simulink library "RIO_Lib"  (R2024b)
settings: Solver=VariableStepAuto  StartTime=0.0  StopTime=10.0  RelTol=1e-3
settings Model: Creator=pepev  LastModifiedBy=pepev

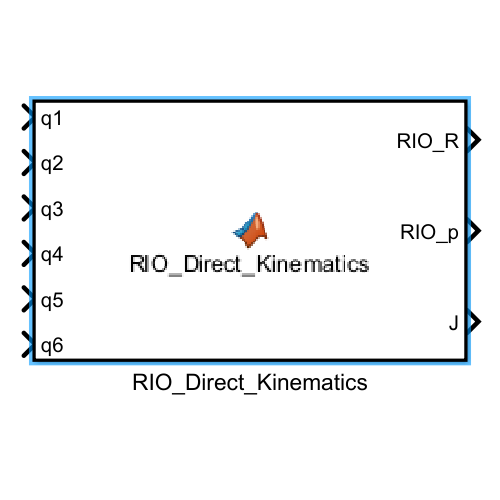
[thumbnail: Simulink's stored preview of the top-level diagram]
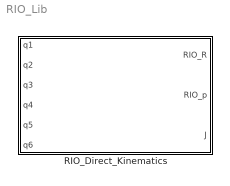
== system RIO_Lib ==
  RIO_Direct_Kinematics : MATLAB Function  TreatAsAtomicUnit=on

== matlab function RIO_Lib/RIO_Direct_Kinematics ==
  data: q1 input; RIO_R output; q2 input; q3 input; q4 input; q5 input; q6 input; RIO_p output; J output
function [RIO_R,RIO_p,J] = RIO_Direct_Kinematics(q1,q2,q3,q4,q5,q6)
%#codegen

%    This function was generated by the Symbolic Math Toolbox version 24.2.
%    20-May-2025 17:05:48

% q1 = complex(q1);  % if required to enforce complex operations
% q2 = complex(q2);  % if required to enforce complex operations
% q3 = complex(q3);  % if required to enforce complex operations
% q4 = complex(q4);  % if required to enforce complex operations
% q5 = complex(q5);  % if required to enforce complex operations
% q6 = complex(q6);  % if required to enforce complex operations
t2 = cos(q1);
t3 = cos(q2);
t4 = cos(q3);
t5 = cos(q4);
t6 = cos(q5);
t7 = cos(q6);
t8 = sin(q1);
t9 = sin(q2);
t10 = sin(q3);
t11 = sin(q4);
t12 = sin(q5);
t13 = sin(q6);
t14 = sqrt(2.0);
t15 = t9.*(3.0./1.0e+1);
t16 = t14+2.0;
t17 = (t9.*t11)./2.0;
t18 = -t14;
t19 = t2.*t3.*(3.0./1.0e+1);
t20 = t3.*t8.*(3.0./1.0e+1);
t21 = (t5.*t9)./1.0e+1;
t24 = (t2.*t4.*t5)./2.0;
t25 = (t2.*t3.*t11)./2.0;
t26 = (t4.*t5.*t8)./2.0;
t27 = (t3.*t5.*t10)./2.0;
t28 = (t3.*t8.*t11)./2.0;
t30 = (t2.*t3.*t5)./1.0e+1;
t31 = (t3.*t4.*t6)./1.0e+1;
t32 = (t3.*t5.*t8)./1.0e+1;
t33 = (t2.*t4.*t11)./1.0e+1;
t34 = (t2.*t6.*t10)./1.0e+1;
t36 = (t4.*t8.*t11)./1.0e+1;
t37 = (t3.*t10.*t11)./1.0e+1;
t38 = (t6.*t8.*t10)./1.0e+1;
t40 = (t2.*t5.*t9.*t10)./2.0;
t42 = (t5.*t8.*t9.*t10)./2.0;
t46 = (t2.*t4.*t6.*t9)./1.0e+1;
t48 = (t4.*t6.*t8.*t9)./1.0e+1;
t51 = (t2.*t9.*t10.*t11)./1.0e+1;
t54 = (t8.*t9.*t10.*t11)./1.0e+1;
t57 = t3.*t5.*t8.*t12.*(-1.0./1.0e+1);
t58 = t2.*t4.*t11.*t12.*(-1.0./1.0e+1);
t59 = t3.*t10.*t11.*t12.*(-1.0./1.0e+1);
t63 = t8.*t9.*t10.*t11.*t12.*(-1.0./1.0e+1);
t22 = -t20;
t23 = t18+2.0;
t29 = sqrt(t16);
t35 = -t28;
t39 = t12.*t21;
t41 = -t31;
t43 = -t32;
t44 = -t33;
t45 = -t37;
t47 = t12.*t30;
t50 = t12.*t33;
t52 = t12.*t36;
t56 = -t48;
t60 = -t54;
t61 = t12.*t51;
t55 = sqrt(t23);
mt1 = [t2.*t4.*t5.*t7-t3.*t7.*t8.*t11-t2.*t10.*t12.*t13-t3.*t5.*t6.*t8.*t13-t2.*t4.*t6.*t11.*t13+t5.*t7.*t8.*t9.*t10+t4.*t8.*t9.*t12.*t13-t6.*t8.*t9.*t10.*t11.*t13,t2.*t3.*t7.*t11+t4.*t5.*t7.*t8-t8.*t10.*t12.*t13+t2.*t3.*t5.*t6.*t13-t2.*t5.*t7.*t9.*t10-t2.*t4.*t9.*t12.*t13-t4.*t6.*t8.*t11.*t13+t2.*t6.*t9.*t10.*t11.*t13,t7.*t9.*t11+t3.*t5.*t7.*t10+t3.*t4.*t12.*t13+t5.*t6.*t9.*t13-t3.*t6.*t10.*t11.*t13];
mt2 = [t13.*t28.*t55-(t2.*t6.*t10.*t29)./2.0+(t4.*t6.*t8.*t9.*t29)./2.0+(t3.*t5.*t8.*t12.*t29)./2.0+(t2.*t4.*t11.*t12.*t29)./2.0+t8.*t10.*t12.*t17.*t29-(t2.*t4.*t5.*t13.*t55)./2.0-(t2.*t7.*t10.*t12.*t55)./2.0-(t3.*t5.*t6.*t7.*t8.*t55)./2.0-(t2.*t4.*t6.*t7.*t11.*t55)./2.0+(t4.*t7.*t8.*t9.*t12.*t55)./2.0-(t5.*t8.*t9.*t10.*t13.*t55)./2.0-(t6.*t7.*t8.*t9.*t10.*t11.*t55)./2.0];
mt3 = [t13.*t40.*t55-(t6.*t8.*t10.*t29)./2.0-(t2.*t4.*t6.*t9.*t29)./2.0-(t2.*t3.*t5.*t12.*t29)./2.0+(t4.*t8.*t11.*t12.*t29)./2.0-(t2.*t3.*t11.*t13.*t55)./2.0-(t4.*t5.*t8.*t13.*t55)./2.0-(t7.*t8.*t10.*t12.*t55)./2.0-(t2.*t9.*t10.*t11.*t12.*t29)./2.0+(t2.*t3.*t5.*t6.*t7.*t55)./2.0-(t2.*t4.*t7.*t9.*t12.*t55)./2.0-(t4.*t6.*t7.*t8.*t11.*t55)./2.0+t2.*t6.*t7.*t10.*t17.*t55,(t3.*t4.*t6.*t29)./2.0-(t5.*t9.*t12.*t29)./2.0-(t9.*t11.*t13.*t55)./2.0+(t3.*t10.*t11.*t12.*t29)./2.0+(t3.*t4.*t7.*t12.*t55)./2.0+(t5.*t6.*t7.*t9.*t55)./2.0-(t3.*t5.*t10.*t13.*t55)./2.0-(t3.*t6.*t7.*t10.*t11.*t55)./2.0];
mt4 = [t13.*t24.*t29+t13.*t29.*t42-(t2.*t6.*t10.*t55)./2.0+(t2.*t7.*t10.*t12.*t29)./2.0-(t3.*t8.*t11.*t13.*t29)./2.0+(t4.*t6.*t8.*t9.*t55)./2.0+(t3.*t5.*t8.*t12.*t55)./2.0+(t2.*t4.*t11.*t12.*t55)./2.0+t8.*t10.*t12.*t17.*t55+(t3.*t5.*t6.*t7.*t8.*t29)./2.0+(t2.*t4.*t6.*t7.*t11.*t29)./2.0-(t4.*t7.*t8.*t9.*t12.*t29)./2.0+t6.*t7.*t8.*t10.*t17.*t29];
mt5 = [t13.*t25.*t29+t13.*t26.*t29-(t6.*t8.*t10.*t55)./2.0+(t7.*t8.*t10.*t12.*t29)./2.0-(t2.*t4.*t6.*t9.*t55)./2.0-(t2.*t3.*t5.*t12.*t55)./2.0+(t4.*t8.*t11.*t12.*t55)./2.0-(t2.*t3.*t5.*t6.*t7.*t29)./2.0+(t2.*t4.*t7.*t9.*t12.*t29)./2.0+(t4.*t6.*t7.*t8.*t11.*t29)./2.0-(t2.*t5.*t9.*t10.*t13.*t29)./2.0-(t2.*t9.*t10.*t11.*t12.*t55)./2.0-(t2.*t6.*t7.*t9.*t10.*t11.*t29)./2.0,t13.*t17.*t29+t13.*t27.*t29+(t3.*t4.*t6.*t55)./2.0-(t5.*t9.*t12.*t55)./2.0-(t3.*t4.*t7.*t12.*t29)./2.0-(t5.*t6.*t7.*t9.*t29)./2.0+(t3.*t10.*t11.*t12.*t55)./2.0+(t3.*t6.*t7.*t10.*t11.*t29)./2.0];
RIO_R = reshape([mt1,mt2,mt3,mt4,mt5],3,3);
if nargout > 1
    t64 = t9.*t11.*t13.*t29.*(2.3e+1./4.0e+2);
    t65 = t2.*t4.*t5.*t13.*t29.*(2.3e+1./4.0e+2);
    t66 = t3.*t4.*t7.*t12.*t29.*(2.3e+1./4.0e+2);
    t67 = t5.*t6.*t7.*t9.*t29.*(2.3e+1./4.0e+2);
    t68 = t2.*t3.*t11.*t13.*t29.*(2.3e+1./4.0e+2);
    t69 = t4.*t5.*t8.*t13.*t29.*(2.3e+1./4.0e+2);
    t70 = t2.*t7.*t10.*t12.*t29.*(2.3e+1./4.0e+2);
    t71 = t3.*t5.*t10.*t13.*t29.*(2.3e+1./4.0e+2);
    t72 = t3.*t8.*t11.*t13.*t29.*(2.3e+1./4.0e+2);
    t73 = t7.*t8.*t10.*t12.*t29.*(2.3e+1./4.0e+2);
    t83 = t2.*t3.*t5.*t6.*t7.*t29.*(2.3e+1./4.0e+2);
    t84 = t3.*t5.*t6.*t7.*t8.*t29.*(2.3e+1./4.0e+2);
    t85 = t2.*t4.*t6.*t7.*t11.*t29.*(2.3e+1./4.0e+2);
    t86 = t2.*t4.*t7.*t9.*t12.*t29.*(2.3e+1./4.0e+2);
    t87 = t4.*t6.*t7.*t8.*t11.*t29.*(2.3e+1./4.0e+2);
    t88 = t3.*t6.*t7.*t10.*t11.*t29.*(2.3e+1./4.0e+2);
    t89 = t2.*t5.*t9.*t10.*t13.*t29.*(2.3e+1./4.0e+2);
    t90 = t4.*t7.*t8.*t9.*t12.*t29.*(2.3e+1./4.0e+2);
    t91 = t5.*t8.*t9.*t10.*t13.*t29.*(2.3e+1./4.0e+2);
    t100 = t2.*t6.*t7.*t9.*t10.*t11.*t29.*(2.3e+1./4.0e+2);
    t101 = t6.*t7.*t8.*t9.*t10.*t11.*t29.*(2.3e+1./4.0e+2);
    t74 = t3.*t4.*t6.*t55.*(2.3e+1./4.0e+2);
    t75 = t2.*t6.*t10.*t55.*(2.3e+1./4.0e+2);
    t76 = t6.*t8.*t10.*t55.*(2.3e+1./4.0e+2);
    t77 = t5.*t9.*t12.*t55.*(2.3e+1./4.0e+2);
    t78 = -t66;
    t79 = -t67;
    t80 = -t72;
    t92 = t2.*t4.*t6.*t9.*t55.*(2.3e+1./4.0e+2);
    t93 = t2.*t3.*t5.*t12.*t55.*(2.3e+1./4.0e+2);
    t94 = t4.*t6.*t8.*t9.*t55.*(2.3e+1./4.0e+2);
    t95 = t3.*t5.*t8.*t12.*t55.*(2.3e+1./4.0e+2);
    t96 = t2.*t4.*t11.*t12.*t55.*(2.3e+1./4.0e+2);
    t97 = t4.*t8.*t11.*t12.*t55.*(2.3e+1./4.0e+2);
    t98 = t3.*t10.*t11.*t12.*t55.*(2.3e+1./4.0e+2);
    t99 = -t90;
    t102 = t2.*t9.*t10.*t11.*t12.*t55.*(2.3e+1./4.0e+2);
    t103 = t8.*t9.*t10.*t11.*t12.*t55.*(2.3e+1./4.0e+2);
    t81 = -t75;
    t82 = -t77;
    t104 = t15+t17+t21+t27+t39+t41+t45+t59+t64+t71+t74+t78+t79+t82+t88+t98;
    t105 = t22+t24+t34+t35+t42+t43+t44+t56+t57+t58+t60+t63+t65+t70+t80+t81+t84+t85+t91+t94+t95+t96+t99+t101+t103;
    RIO_p = [t105;t19+t25+t26+t30-t36+t38-t40+t46+t47+t51+t61+t68+t69+t73-t76-t83+t86+t87-t89-t92-t93+t97-t100-t102-(t4.*t8.*t11.*t12)./1.0e+1;t104];
end
if nargout > 2
    mt6 = [-t19-t25-t26-t30+t36-t38+t40-t46-t51+t52-t68-t69-t73+t76+t83-t86-t87+t89+t92+t93-t97+t100+t102-(t2.*t3.*t5.*t12)./1.0e+1-(t2.*t9.*t10.*t11.*t12)./1.0e+1,t105,0.0,0.0,0.0,1.0,t8.*t104,-t2.*t104];
    mt7 = [t3.*(3.0./1.0e+1)+(t3.*t5)./1.0e+1+(t3.*t11)./2.0+(t4.*t6.*t9)./1.0e+1+(t3.*t5.*t12)./1.0e+1-(t5.*t9.*t10)./2.0+(t9.*t10.*t11)./1.0e+1+(t9.*t10.*t11.*t12)./1.0e+1+t3.*t11.*t13.*t29.*(2.3e+1./4.0e+2)-t4.*t6.*t9.*t55.*(2.3e+1./4.0e+2)-t3.*t5.*t12.*t55.*(2.3e+1./4.0e+2)-t3.*t5.*t6.*t7.*t29.*(2.3e+1./4.0e+2)+t4.*t7.*t9.*t12.*t29.*(2.3e+1./4.0e+2)-t5.*t9.*t10.*t13.*t29.*(2.3e+1./4.0e+2)-t9.*t10.*t11.*t12.*t55.*(2.3e+1./4.0e+2)-t6.*t7.*t9.*t10.*t11.*t29.*(2.3e+1./4.0e+2),t2,t8,0.0];
    mt8 = [t9.*t26+t9.*t38+t9.*t69+t9.*t73+t9.*t87+t9.*t97+(t2.*t4.*t6)./1.0e+1-(t2.*t5.*t10)./2.0+(t2.*t10.*t11)./1.0e+1-(t4.*t8.*t9.*t11)./1.0e+1+(t2.*t10.*t11.*t12)./1.0e+1-t2.*t4.*t6.*t55.*(2.3e+1./4.0e+2)-(t4.*t8.*t9.*t11.*t12)./1.0e+1+t2.*t4.*t7.*t12.*t29.*(2.3e+1./4.0e+2)-t2.*t5.*t10.*t13.*t29.*(2.3e+1./4.0e+2)-t6.*t8.*t9.*t10.*t55.*(2.3e+1./4.0e+2)-t2.*t10.*t11.*t12.*t55.*(2.3e+1./4.0e+2)-t2.*t6.*t7.*t10.*t11.*t29.*(2.3e+1./4.0e+2)];
    mt9 = [t9.*t33+t9.*t50+t9.*t75+(t4.*t6.*t8)./1.0e+1-(t5.*t8.*t10)./2.0+(t8.*t10.*t11)./1.0e+1-(t2.*t4.*t5.*t9)./2.0-(t2.*t6.*t9.*t10)./1.0e+1+(t8.*t10.*t11.*t12)./1.0e+1-t4.*t6.*t8.*t55.*(2.3e+1./4.0e+2)+t4.*t7.*t8.*t12.*t29.*(2.3e+1./4.0e+2)-t5.*t8.*t10.*t13.*t29.*(2.3e+1./4.0e+2)-t8.*t10.*t11.*t12.*t55.*(2.3e+1./4.0e+2)-t2.*t4.*t5.*t9.*t13.*t29.*(2.3e+1./4.0e+2)-t2.*t7.*t9.*t10.*t12.*t29.*(2.3e+1./4.0e+2)-t6.*t7.*t8.*t10.*t11.*t29.*(2.3e+1./4.0e+2)-t2.*t4.*t9.*t11.*t12.*t55.*(2.3e+1./4.0e+2)-t2.*t4.*t6.*t7.*t9.*t11.*t29.*(2.3e+1./4.0e+2)];
    mt10 = [(t3.*(t4.*t5.*2.0e+2-t4.*t11.*4.0e+1+t6.*t10.*4.0e+1-t4.*t11.*t12.*4.0e+1-t6.*t10.*t55.*2.3e+1+t4.*t5.*t13.*t29.*2.3e+1+t7.*t10.*t12.*t29.*2.3e+1+t4.*t11.*t12.*t55.*2.3e+1+t4.*t6.*t7.*t11.*t29.*2.3e+1))./4.0e+2,t3.*t8,-t2.*t3,-t9];
    mt11 = [t2.*t4.*t5.*(-1.0./1.0e+1)-(t3.*t5.*t8)./2.0-(t2.*t4.*t11)./2.0+(t3.*t8.*t11)./1.0e+1+t8.*t10.*t67+t8.*t10.*t77-(t2.*t4.*t5.*t12)./1.0e+1-(t5.*t8.*t9.*t10)./1.0e+1+(t3.*t8.*t11.*t12)./1.0e+1-(t8.*t9.*t10.*t11)./2.0-(t5.*t8.*t9.*t10.*t12)./1.0e+1-t3.*t5.*t8.*t13.*t29.*(2.3e+1./4.0e+2)-t2.*t4.*t11.*t13.*t29.*(2.3e+1./4.0e+2)+t2.*t4.*t5.*t12.*t55.*(2.3e+1./4.0e+2)-t3.*t8.*t11.*t12.*t55.*(2.3e+1./4.0e+2)+t2.*t4.*t5.*t6.*t7.*t29.*(2.3e+1./4.0e+2)-t3.*t6.*t7.*t8.*t11.*t29.*(2.3e+1./4.0e+2)-t8.*t9.*t10.*t11.*t13.*t29.*(2.3e+1./4.0e+2)];
    mt12 = [(t2.*t3.*t5)./2.0-(t2.*t3.*t11)./1.0e+1-(t4.*t5.*t8)./1.0e+1-(t4.*t8.*t11)./2.0+t2.*t10.*t17+t2.*t10.*t21+t2.*t10.*t39+t2.*t10.*t64-(t2.*t3.*t11.*t12)./1.0e+1-(t4.*t5.*t8.*t12)./1.0e+1+t2.*t3.*t5.*t13.*t29.*(2.3e+1./4.0e+2)-t4.*t8.*t11.*t13.*t29.*(2.3e+1./4.0e+2)+t2.*t3.*t11.*t12.*t55.*(2.3e+1./4.0e+2)+t4.*t5.*t8.*t12.*t55.*(2.3e+1./4.0e+2)+t2.*t3.*t6.*t7.*t11.*t29.*(2.3e+1./4.0e+2)+t4.*t5.*t6.*t7.*t8.*t29.*(2.3e+1./4.0e+2)-t2.*t5.*t9.*t10.*t12.*t55.*(2.3e+1./4.0e+2)-t2.*t5.*t6.*t7.*t9.*t10.*t29.*(2.3e+1./4.0e+2)];
    mt13 = [(t5.*t9)./2.0-(t9.*t11)./1.0e+1-(t3.*t5.*t10)./1.0e+1-(t3.*t10.*t11)./2.0-(t9.*t11.*t12)./1.0e+1-(t3.*t5.*t10.*t12)./1.0e+1+t5.*t9.*t13.*t29.*(2.3e+1./4.0e+2)+t9.*t11.*t12.*t55.*(2.3e+1./4.0e+2)+t6.*t7.*t9.*t11.*t29.*(2.3e+1./4.0e+2)-t3.*t10.*t11.*t13.*t29.*(2.3e+1./4.0e+2)+t3.*t5.*t10.*t12.*t55.*(2.3e+1./4.0e+2)+t3.*t5.*t6.*t7.*t10.*t29.*(2.3e+1./4.0e+2),-t2.*t10+t4.*t8.*t9,-t8.*t10-t2.*t4.*t9,t3.*t4];
    mt14 = [t2.*t10.*t12.*(-1.0./1.0e+1)+t9.*t11.*t76-(t3.*t5.*t6.*t8)./1.0e+1-(t2.*t4.*t6.*t11)./1.0e+1+(t4.*t8.*t9.*t12)./1.0e+1+t2.*t10.*t12.*t55.*(2.3e+1./4.0e+2)-(t6.*t8.*t9.*t10.*t11)./1.0e+1+t2.*t6.*t7.*t10.*t29.*(2.3e+1./4.0e+2)+t3.*t5.*t6.*t8.*t55.*(2.3e+1./4.0e+2)+t2.*t4.*t6.*t11.*t55.*(2.3e+1./4.0e+2)-t4.*t8.*t9.*t12.*t55.*(2.3e+1./4.0e+2)-t4.*t6.*t7.*t8.*t9.*t29.*(2.3e+1./4.0e+2)-t3.*t5.*t7.*t8.*t12.*t29.*(2.3e+1./4.0e+2)-t2.*t4.*t7.*t11.*t12.*t29.*(2.3e+1./4.0e+2)-t7.*t8.*t9.*t10.*t11.*t12.*t29.*(2.3e+1./4.0e+2)];
    mt15 = [t6.*t30-(t8.*t10.*t12)./1.0e+1+t9.*t11.*t34+t9.*t11.*t70-(t2.*t4.*t9.*t12)./1.0e+1-(t4.*t6.*t8.*t11)./1.0e+1+t8.*t10.*t12.*t55.*(2.3e+1./4.0e+2)+t6.*t7.*t8.*t10.*t29.*(2.3e+1./4.0e+2)-t2.*t3.*t5.*t6.*t55.*(2.3e+1./4.0e+2)+t2.*t4.*t9.*t12.*t55.*(2.3e+1./4.0e+2)+t4.*t6.*t8.*t11.*t55.*(2.3e+1./4.0e+2)+t2.*t4.*t6.*t7.*t9.*t29.*(2.3e+1./4.0e+2)+t2.*t3.*t5.*t7.*t12.*t29.*(2.3e+1./4.0e+2)-t4.*t7.*t8.*t11.*t12.*t29.*(2.3e+1./4.0e+2)-t2.*t6.*t9.*t10.*t11.*t55.*(2.3e+1./4.0e+2)];
    mt16 = [t6.*t21+(t3.*t4.*t12)./1.0e+1-(t3.*t6.*t10.*t11)./1.0e+1-t3.*t4.*t12.*t55.*(2.3e+1./4.0e+2)-t5.*t6.*t9.*t55.*(2.3e+1./4.0e+2)-t3.*t4.*t6.*t7.*t29.*(2.3e+1./4.0e+2)+t5.*t7.*t9.*t12.*t29.*(2.3e+1./4.0e+2)+t3.*t6.*t10.*t11.*t55.*(2.3e+1./4.0e+2)-t3.*t7.*t10.*t11.*t12.*t29.*(2.3e+1./4.0e+2),t2.*t4.*t5-t3.*t8.*t11+t5.*t8.*t9.*t10,t2.*t3.*t11+t4.*t5.*t8-t2.*t5.*t9.*t10,t9.*t11+t3.*t5.*t10];
    mt17 = [t2.*t4.*t5.*t7.*t29.*(2.3e+1./4.0e+2)-t3.*t7.*t8.*t11.*t29.*(2.3e+1./4.0e+2)-t2.*t10.*t12.*t13.*t29.*(2.3e+1./4.0e+2)-t3.*t5.*t6.*t8.*t13.*t29.*(2.3e+1./4.0e+2)-t2.*t4.*t6.*t11.*t13.*t29.*(2.3e+1./4.0e+2)+t5.*t7.*t8.*t9.*t10.*t29.*(2.3e+1./4.0e+2)+t4.*t8.*t9.*t12.*t13.*t29.*(2.3e+1./4.0e+2)-t6.*t8.*t9.*t10.*t11.*t13.*t29.*(2.3e+1./4.0e+2)];
    mt18 = [t2.*t6.*t10.*t64+t2.*t3.*t7.*t11.*t29.*(2.3e+1./4.0e+2)+t4.*t5.*t7.*t8.*t29.*(2.3e+1./4.0e+2)-t8.*t10.*t12.*t13.*t29.*(2.3e+1./4.0e+2)+t2.*t3.*t5.*t6.*t13.*t29.*(2.3e+1./4.0e+2)-t2.*t5.*t7.*t9.*t10.*t29.*(2.3e+1./4.0e+2)-t2.*t4.*t9.*t12.*t13.*t29.*(2.3e+1./4.0e+2)-t4.*t6.*t8.*t11.*t13.*t29.*(2.3e+1./4.0e+2),t7.*t9.*t11.*t29.*(2.3e+1./4.0e+2)+t3.*t5.*t7.*t10.*t29.*(2.3e+1./4.0e+2)+t3.*t4.*t12.*t13.*t29.*(2.3e+1./4.0e+2)+t5.*t6.*t9.*t13.*t29.*(2.3e+1./4.0e+2)-t3.*t6.*t10.*t11.*t13.*t29.*(2.3e+1./4.0e+2),-t2.*t6.*t10+t4.*t6.*t8.*t9+t3.*t5.*t8.*t12+t2.*t4.*t11.*t12+t8.*t9.*t10.*t11.*t12];
    mt19 = [-t6.*t8.*t10-t2.*t4.*t6.*t9-t2.*t3.*t5.*t12+t4.*t8.*t11.*t12-t2.*t9.*t10.*t11.*t12,t3.*t4.*t6-t5.*t9.*t12+t3.*t10.*t11.*t12];
    J = reshape([mt6,mt7,mt8,mt9,mt10,mt11,mt12,mt13,mt14,mt15,mt16,mt17,mt18,mt19],6,6);
end
end

■ Aim of the exercise ■
Before answering, find the line with "t58 = t2.*t4.*t11.*t12.*(-1.0./1.0e+1);" in the records above; then reproduce exactly each line from the first through that line, leaving out pictures.

■ Answer to the problem ■
simulink library "RIO_Lib"  (R2024b)
settings: Solver=VariableStepAuto  StartTime=0.0  StopTime=10.0  RelTol=1e-3
settings Model: Creator=pepev  LastModifiedBy=pepev

[thumbnail: Simulink's stored preview of the top-level diagram]
== system RIO_Lib ==
  RIO_Direct_Kinematics : MATLAB Function  TreatAsAtomicUnit=on

== matlab function RIO_Lib/RIO_Direct_Kinematics ==
  data: q1 input; RIO_R output; q2 input; q3 input; q4 input; q5 input; q6 input; RIO_p output; J output
function [RIO_R,RIO_p,J] = RIO_Direct_Kinematics(q1,q2,q3,q4,q5,q6)
%#codegen

%    This function was generated by the Symbolic Math Toolbox version 24.2.
%    20-May-2025 17:05:48

% q1 = complex(q1);  % if required to enforce complex operations
% q2 = complex(q2);  % if required to enforce complex operations
% q3 = complex(q3);  % if required to enforce complex operations
% q4 = complex(q4);  % if required to enforce complex operations
% q5 = complex(q5);  % if required to enforce complex operations
% q6 = complex(q6);  % if required to enforce complex operations
t2 = cos(q1);
t3 = cos(q2);
t4 = cos(q3);
t5 = cos(q4);
t6 = cos(q5);
t7 = cos(q6);
t8 = sin(q1);
t9 = sin(q2);
t10 = sin(q3);
t11 = sin(q4);
t12 = sin(q5);
t13 = sin(q6);
t14 = sqrt(2.0);
t15 = t9.*(3.0./1.0e+1);
t16 = t14+2.0;
t17 = (t9.*t11)./2.0;
t18 = -t14;
t19 = t2.*t3.*(3.0./1.0e+1);
t20 = t3.*t8.*(3.0./1.0e+1);
t21 = (t5.*t9)./1.0e+1;
t24 = (t2.*t4.*t5)./2.0;
t25 = (t2.*t3.*t11)./2.0;
t26 = (t4.*t5.*t8)./2.0;
t27 = (t3.*t5.*t10)./2.0;
t28 = (t3.*t8.*t11)./2.0;
t30 = (t2.*t3.*t5)./1.0e+1;
t31 = (t3.*t4.*t6)./1.0e+1;
t32 = (t3.*t5.*t8)./1.0e+1;
t33 = (t2.*t4.*t11)./1.0e+1;
t34 = (t2.*t6.*t10)./1.0e+1;
t36 = (t4.*t8.*t11)./1.0e+1;
t37 = (t3.*t10.*t11)./1.0e+1;
t38 = (t6.*t8.*t10)./1.0e+1;
t40 = (t2.*t5.*t9.*t10)./2.0;
t42 = (t5.*t8.*t9.*t10)./2.0;
t46 = (t2.*t4.*t6.*t9)./1.0e+1;
t48 = (t4.*t6.*t8.*t9)./1.0e+1;
t51 = (t2.*t9.*t10.*t11)./1.0e+1;
t54 = (t8.*t9.*t10.*t11)./1.0e+1;
t57 = t3.*t5.*t8.*t12.*(-1.0./1.0e+1);
t58 = t2.*t4.*t11.*t12.*(-1.0./1.0e+1);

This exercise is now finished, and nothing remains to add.